- **Material for the task**:
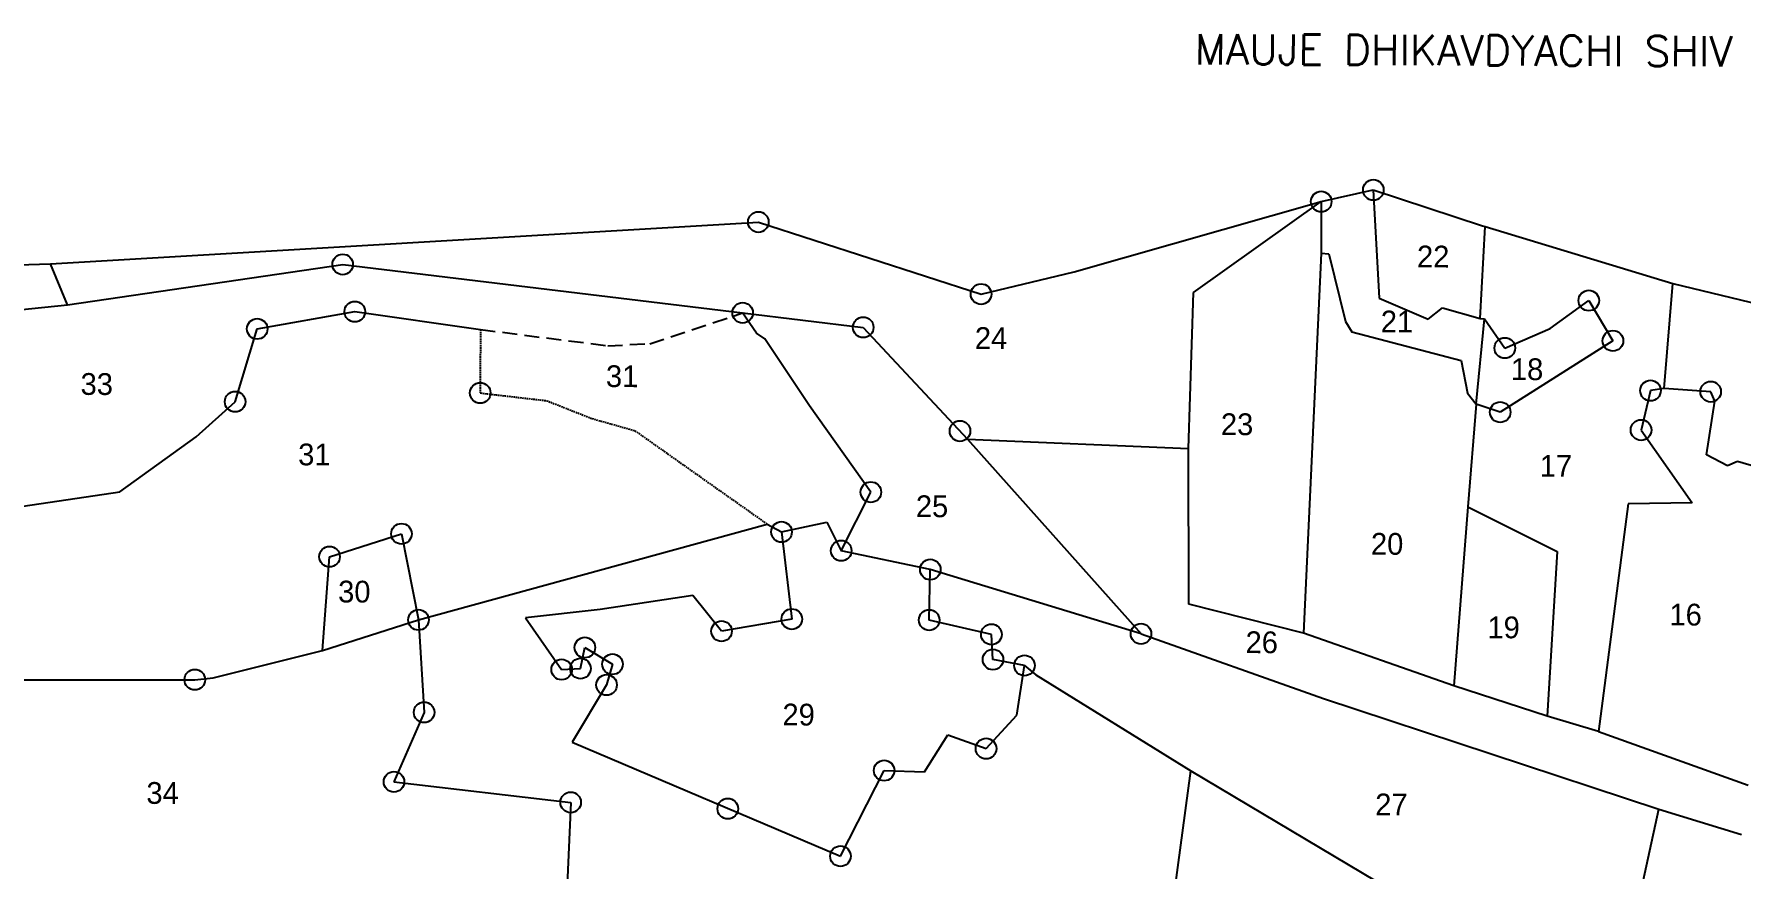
# Model space of a CAD drawing. Header units: metres. Extents: x 274536 to 279488, y 2074615 to 2078106.
# Drawn here: x 277833 to 278409, y 2076996 to 2077278 of the extents above; entities that cross this region are included whole.
import ezdxf

# ---------------------------------------------------------------- set-up
doc = ezdxf.new("R2010")
doc.units = ezdxf.units.M
doc.linetypes.add('DASHED', pattern=[0.75, 0.5, -0.25])
for name, color, linetype in [('POLY_PARCEL', 6, 'Continuous'), ('POLY_SUBPARCEL', 6, 'DASHED'), ('TEXT_MAPOUT', 7, 'Continuous'), ('TEXT_PARCEL', 7, 'Continuous'), ('V_BOUND_LINE', 7, 'Continuous')]:
    doc.layers.add(name, color=color, linetype=linetype)
doc.styles.get("Standard").update_dxf_attribs({"font": 'simplex.shx'})
doc.styles.add('TEXT_MAP', font='', dxfattribs={"height": 1.8})
doc.styles.get('TEXT_MAP').set_extended_font_data('Kruti Dev 050')

msp = doc.modelspace()

# ---------------------------------------------------------------- linework, layer by layer
for centre in [(278285, 2077225.15), (278267.43, 2077221.22), (278077.56, 2077214.32), (277937.35, 2077200.02), (278152.68, 2077190.02), (277941.43, 2077184.11), (278072.26, 2077183.7), (278357.68, 2077187.85), (277908.52, 2077178.29), (278112.94, 2077178.8), (278329.35, 2077171.83), (278365.82, 2077174.27), (277983.73, 2077156.67), (278378.49, 2077157.48), (278398.8, 2077157.1), (277901.06, 2077153.73), (278327.8, 2077150.2), (278145.56, 2077143.83), (278375.31, 2077144.17), (278115.52, 2077123.23), (277957.17, 2077109.18), (278085.38, 2077109.81), (278105.5, 2077103.48), (277932.91, 2077101.46), (278135.56, 2077097.13), (277962.92, 2077080.14), (278088.84, 2077080.41), (278135.18, 2077080.09), (278065.14, 2077076.34), (278156.17, 2077075.25), (278206.63, 2077075.44), (278019.05, 2077070.82), (278011.2, 2077063.4), (278017.54, 2077063.75), (278028.35, 2077065.19), (278156.7, 2077066.78), (278167.33, 2077064.77), (277887.46, 2077059.98), (278026.35, 2077058.21), (277964.8, 2077048.96), (278154.37, 2077036.74), (278119.98, 2077029.34), (277954.65, 2077025.53), (278014.25, 2077018.6), (278067.24, 2077016.48), (278105.25, 2077000.46)]:
    msp.add_circle(centre, 3.47)
at = {"layer": 'POLY_PARCEL'}
for p, q in [((278224.32, 2077190.6), (278267.43, 2077221.22)), ((278267.43, 2077221.22), (278267.35, 2077203.84)), ((278285, 2077225.15), (278286.93, 2077188.62)), ((278321.04, 2077181.78), (278322.76, 2077212.77)), ((278267.35, 2077203.84), (278261.41, 2077075.72)), ((278267.35, 2077203.84), (278269.95, 2077203.65)), ((277844.55, 2077186.44), (277838.76, 2077200.25)), ((277844.55, 2077186.44), (277937.35, 2077200.02)), ((277937.35, 2077200.02), (278072.26, 2077183.7)), ((278269.95, 2077203.65), (278275.6, 2077180.73)), ((278383.16, 2077158.24), (278385.99, 2077193.65)), ((278222.63, 2077137.97), (278224.32, 2077190.6)), ((278286.93, 2077188.62), (278303.51, 2077181.62)), ((278344.62, 2077178.44), (278357.68, 2077187.85)), ((278357.68, 2077187.85), (278365.82, 2077174.27)), ((277801.29, 2077181.96), (277844.55, 2077186.44)), ((277908.52, 2077178.29), (277941.43, 2077184.11)), ((277941.43, 2077184.11), (277983.8, 2077178.08)), ((278072.26, 2077183.7), (278112.94, 2077178.8)), ((278076.97, 2077176.84), (278072.26, 2077183.7)), ((278303.51, 2077181.62), (278308.29, 2077185.34)), ((278308.29, 2077185.34), (278321.04, 2077181.78)), ((278319.67, 2077152.95), (278322.46, 2077181.63)), ((278321.04, 2077181.78), (278322.46, 2077181.63)), ((278322.46, 2077181.63), (278329.35, 2077171.83)), ((277901.06, 2077153.73), (277908.52, 2077178.29)), ((278079.73, 2077174.9), (278076.97, 2077176.84)), ((278112.94, 2077178.8), (278148.15, 2077141.1)), ((278275.6, 2077180.73), (278277.74, 2077177.29)), ((278277.74, 2077177.29), (278314.64, 2077167.61)), ((278329.35, 2077171.83), (278344.62, 2077178.44)), ((278094.83, 2077152.38), (278079.73, 2077174.9)), ((278365.82, 2077174.27), (278327.8, 2077150.2)), ((278314.64, 2077167.61), (278316.81, 2077156.6)), ((278383.16, 2077158.24), (278378.49, 2077157.48)), ((278398.8, 2077157.1), (278383.16, 2077158.24)), ((277887.97, 2077141.86), (277901.06, 2077153.73)), ((278115.52, 2077123.23), (278094.83, 2077152.38)), ((278316.81, 2077156.6), (278319.67, 2077152.95)), ((278319.67, 2077152.95), (278316.84, 2077118.23)), ((278327.8, 2077150.2), (278319.67, 2077152.95)), ((278378.49, 2077157.48), (278375.31, 2077144.17)), ((278397.42, 2077135.8), (278400.25, 2077153.94)), ((278400.25, 2077153.94), (278398.8, 2077157.1)), ((277862.19, 2077123.33), (277887.97, 2077141.86)), ((278148.15, 2077141.1), (278222.63, 2077137.97)), ((278148.15, 2077141.1), (278206.63, 2077075.44)), ((278375.31, 2077144.17), (278392.55, 2077119.61)), ((278222.8, 2077085.45), (278222.63, 2077137.97)), ((278404.48, 2077132.05), (278397.42, 2077135.8)), ((278407.84, 2077133.53), (278404.48, 2077132.05)), ((278420.87, 2077129.75), (278407.84, 2077133.53)), ((277812.96, 2077116.07), (277862.19, 2077123.33)), ((278105.5, 2077103.48), (278115.52, 2077123.23)), ((278316.84, 2077118.23), (278312.14, 2077057.91)), ((278316.84, 2077118.23), (278346.98, 2077103.22)), ((278370.92, 2077119.32), (278360.91, 2077042.56)), ((278392.55, 2077119.61), (278370.92, 2077119.32)), ((277962.92, 2077080.14), (278080.55, 2077112.43)), ((278080.55, 2077112.43), (278085.38, 2077109.81)), ((278085.38, 2077109.81), (278100.68, 2077113.1)), ((278100.68, 2077113.1), (278105.5, 2077103.48)), ((277932.91, 2077101.46), (277957.17, 2077109.18)), ((277957.17, 2077109.18), (277962.92, 2077080.14)), ((278085.38, 2077109.81), (278088.84, 2077080.41)), ((277930.52, 2077069.77), (277932.91, 2077101.46)), ((278135.56, 2077097.13), (278105.5, 2077103.48)), ((278346.98, 2077103.22), (278343.65, 2077047.68)), ((278135.18, 2077080.09), (278135.56, 2077097.13)), ((278206.63, 2077075.44), (278135.56, 2077097.13)), ((278024.21, 2077083.66), (277999.06, 2077080.88)), ((278055.46, 2077088.42), (278024.21, 2077083.66)), ((278065.14, 2077076.34), (278055.46, 2077088.42)), ((278261.41, 2077075.72), (278222.8, 2077085.45)), ((277930.52, 2077069.77), (277962.92, 2077080.14)), ((277962.92, 2077080.14), (277964.8, 2077048.96)), ((277999.06, 2077080.88), (278011.2, 2077063.4)), ((278088.84, 2077080.41), (278065.14, 2077076.34)), ((278156.17, 2077075.25), (278135.18, 2077080.09)), ((278156.7, 2077066.78), (278156.17, 2077075.25)), ((278206.63, 2077075.44), (278268.15, 2077053.61)), ((278312.14, 2077057.91), (278261.41, 2077075.72)), ((277893.63, 2077060.61), (277930.52, 2077069.77)), ((278017.54, 2077063.75), (278019.05, 2077070.82)), ((278019.05, 2077070.82), (278028.35, 2077065.19)), ((278167.33, 2077064.77), (278156.7, 2077066.78)), ((277826.53, 2077059.93), (277887.46, 2077059.98)), ((277887.46, 2077059.98), (277893.63, 2077060.61)), ((278011.2, 2077063.4), (278017.54, 2077063.75)), ((278028.35, 2077065.19), (278026.35, 2077058.21)), ((278164.71, 2077048.02), (278167.33, 2077064.77)), ((278167.33, 2077064.77), (278171.13, 2077061.57)), ((278171.13, 2077061.57), (278223.49, 2077029.23)), ((278026.35, 2077058.21), (278014.77, 2077038.87)), ((278343.65, 2077047.68), (278312.14, 2077057.91)), ((277964.8, 2077048.96), (277954.65, 2077025.53)), ((278268.15, 2077053.61), (278381.3, 2077016.3)), ((278154.37, 2077036.74), (278164.71, 2077048.02)), ((278360.91, 2077042.56), (278343.65, 2077047.68)), ((278014.77, 2077038.87), (278105.25, 2077000.46)), ((278133.56, 2077028.86), (278141.49, 2077041.4)), ((278141.49, 2077041.4), (278154.37, 2077036.74)), ((278360.91, 2077042.56), (278411.45, 2077024.43)), ((277954.65, 2077025.53), (278014.25, 2077018.6)), ((278105.25, 2077000.46), (278119.98, 2077029.34)), ((278119.98, 2077029.34), (278133.56, 2077028.86)), ((278204.91, 2076892.54), (278223.49, 2077029.23)), ((278223.49, 2077029.23), (278302.1, 2076982.48)), ((278014.25, 2077018.6), (278012.61, 2076980.61)), ((278372.14, 2076974.39), (278381.3, 2077016.3)), ((278381.3, 2077016.3), (278409.22, 2077007.78))]:
    msp.add_line(p, q, dxfattribs=at)
at = {"layer": 'POLY_SUBPARCEL', "ltscale": 10}
for p, q in [((278040.9, 2077173.3), (278072.26, 2077183.7)), ((277983.8, 2077178.08), (278026.74, 2077172.61)), ((278026.74, 2077172.61), (278040.9, 2077173.3))]:
    msp.add_line(p, q, dxfattribs=at)
at = {"layer": 'POLY_SUBPARCEL'}
for p, q in [((277983.8, 2077178.08), (277983.73, 2077156.67)), ((277983.73, 2077156.67), (278006.17, 2077154.07)), ((278006.17, 2077154.07), (278021.42, 2077148.05)), ((278021.42, 2077148.05), (278035.92, 2077143.96)), ((278035.92, 2077143.96), (278080.55, 2077112.43))]:
    msp.add_line(p, q, dxfattribs=at)
at = {"layer": 'V_BOUND_LINE'}
for p, q in [((278184.03, 2077197.56), (278267.43, 2077221.22)), ((278267.43, 2077221.22), (278285, 2077225.15)), ((278285, 2077225.15), (278321.79, 2077213.07)), ((277838.76, 2077200.25), (278077.56, 2077214.32)), ((278077.56, 2077214.32), (278152.68, 2077190.02)), ((278321.79, 2077213.07), (278322.76, 2077212.77)), ((278322.76, 2077212.77), (278385.99, 2077193.65)), ((277810.43, 2077199.36), (277838.76, 2077200.25)), ((278152.68, 2077190.02), (278184.03, 2077197.56)), ((278385.99, 2077193.65), (278447.12, 2077178.88))]:
    msp.add_line(p, q, dxfattribs=at)

# ---------------------------------------------------------------- texts
at = {"layer": 'TEXT_MAPOUT'}
msp.add_text('MAUJE DHIKAVDYACHI SHIV', height=10.2012, rotation=359.77913, dxfattribs=at).set_placement((278224.75, 2077267.5))
at = {"layer": 'TEXT_PARCEL', "style": 'TEXT_MAP'}
for s, p in [('22', (278299.71, 2077199.03)), ('21', (278287.5, 2077177.11)), ('24', (278150.58, 2077171.54)), ('31', (278026.13, 2077158.67)), ('18', (278331.39, 2077161.04)), ('33', (277848.91, 2077156.04)), ('23', (278233.56, 2077142.48)), ('31', (277922.32, 2077132.28)), ('17', (278341.11, 2077128.43)), ('25', (278130.66, 2077114.81)), ('20', (278284.18, 2077102.14)), ('30', (277935.79, 2077086.03)), ('16', (278384.87, 2077078.28)), ('19', (278323.48, 2077073.97)), ('26', (278241.88, 2077068.94)), ('29', (278085.67, 2077044.55)), ('34', (277871.11, 2077018.11)), ('27', (278285.62, 2077014.24))]:
    msp.add_text(s, height=7.345, rotation=359.77913, dxfattribs=at).set_placement(p)

doc.saveas('drawing.dxf')

- **Action item**:
Repeat only the lines from the beginning of the material through the line containing "layer by layer", both ends kept, leaving pictures out.

- **Your response**:
# Model space of a CAD drawing. Header units: metres. Extents: x 274536 to 279488, y 2074615 to 2078106.
# Drawn here: x 277833 to 278409, y 2076996 to 2077278 of the extents above; entities that cross this region are included whole.
import ezdxf

# ---------------------------------------------------------------- set-up
doc = ezdxf.new("R2010")
doc.units = ezdxf.units.M
doc.linetypes.add('DASHED', pattern=[0.75, 0.5, -0.25])
for name, color, linetype in [('POLY_PARCEL', 6, 'Continuous'), ('POLY_SUBPARCEL', 6, 'DASHED'), ('TEXT_MAPOUT', 7, 'Continuous'), ('TEXT_PARCEL', 7, 'Continuous'), ('V_BOUND_LINE', 7, 'Continuous')]:
    doc.layers.add(name, color=color, linetype=linetype)
doc.styles.get("Standard").update_dxf_attribs({"font": 'simplex.shx'})
doc.styles.add('TEXT_MAP', font='', dxfattribs={"height": 1.8})
doc.styles.get('TEXT_MAP').set_extended_font_data('Kruti Dev 050')

msp = doc.modelspace()

# ---------------------------------------------------------------- linework, layer by layer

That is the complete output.